A series of three-way repeated measures ANOVAs were conducted on the average amplitudes of the ERP components, with Prime Type (word priming vs. beat priming), Stress Pattern (Strong-Weak vs. Weak-Strong), and Congruency (congruent vs. incongruent stress patterns between primes and targets) as independent variables. Whenever sphericity was not met in a repeated measures ANOVA, the Greenhouse–Geisser was used to correct the degrees of freedom.

3.2.1. P2 (50–150 ms)

Statistical results showed that the interaction between Priming Type, Stress Pattern, and Congruency was significant, F(1, 23) = 5.684, p = 0.026, η2 = 0.198. Simple effects analysis showed that for the word primes with the Strong-Weak stress pattern, the incongruent condition elicited significantly greater P2 amplitudes than the congruent condition, F(1, 23) = 7.426, p = 0.012, η2 = 0.244. For the word primes with the Weak-Strong stress pattern, there was no significant difference between the incongruent and congruent conditions, F(1, 23) = 0.051, p = 0.823, η2 = 0.002. For the beat primes with the Strong-Weak and Weak-Strong stress patterns, there was no significant difference between the incongruent and congruent conditions (Strong-Weak: F(1, 23) = 0.553, p = 0.465, η2 = 0.023, Weak-Strong: F(1, 23) = 0.750, p = 0.395, η2 = 0.032). In addition, for word priming, the Weak-Strong congruent condition elicited larger P2 amplitudes than the Strong-Weak congruent condition, F(1, 23) = 3.952, p = 0.059, η2 = 0.147, whereas for beat priming, there was no significant difference in the P2 amplitudes elicited by the Weak-Strong congruent and Strong-Weak congruent conditions, F(1, 23) = 3.146, p = 0.088, η2 = 0.120 (Figure 4).
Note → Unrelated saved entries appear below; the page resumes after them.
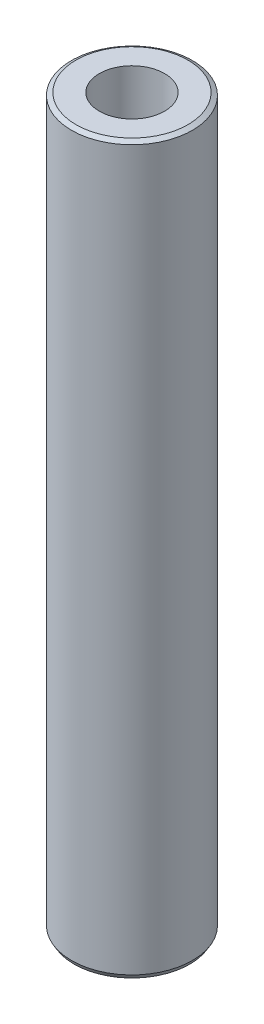
SolidWorks part; units mm, degrees
ref_plane "Front Plane" through (0, 0, 0) normal (0, 0, 1) x (1, 0, 0)
ref_plane "Top Plane" through (0, 0, 0) normal (0, 1, 0) x (1, 0, 0)
ref_plane "Right Plane" through (0, 0, 0) normal (1, 0, 0) x (0, 0, -1)
sketch "Sketch1" plane through (0, 0, 0) normal (0, 1, 0) x (1, 0, 0)
  circle A0 centre (0, 0) radius 12.5
  dimension "SHAFT_OD" = 25
extrude "Boss-Extrude1" add sketch "Sketch1" along normal blind 150.0497
sketch "Sketch2" plane through (0, 0, 0) normal (0, 1, 0) x (1, 0, 0)
  circle A0 centre (0, 0) radius 6.7471
  dimension "BORE_D" = 13.4943
extrude "Cut-Extrude1" cut sketch "Sketch2" along normal through all
chamfer "Chamfer1" distance 0.5378 angle 60 2 edges at (0, 150.0497, 12.5) (0, 0, 12.5) first distance on face at (0, 150.0497, 12.5) first distance on face at (0, 0, 6.7471)

Figure 4. Word priming (A) and beat priming (B) elicited waveforms (left), violin plots of P2 wave amplitudes for each experimental condition (middle), and topography of differences for the four experimental conditions (right), where the small black dots indicate ROIs (C1, Cz, C2, FC1, FCz, FC2, F1, Fz, F2). SW, Strong-Weak; WS, Weak-Strong.

3.2.2. N400 (300–450 ms)

Statistical results revealed that the main effect of stress pattern was significant, F(1, 23) = 6.895, p = 0.015, η2 = 0.231. The Strong-Weak primes (M = −0.641, 95%CI [−1.559, 0.277]) elicited significantly greater N400 amplitudes than the Weak-Strong primes (M = 0.135, 95%CI [−0.776, 1.046]) (Figure 5).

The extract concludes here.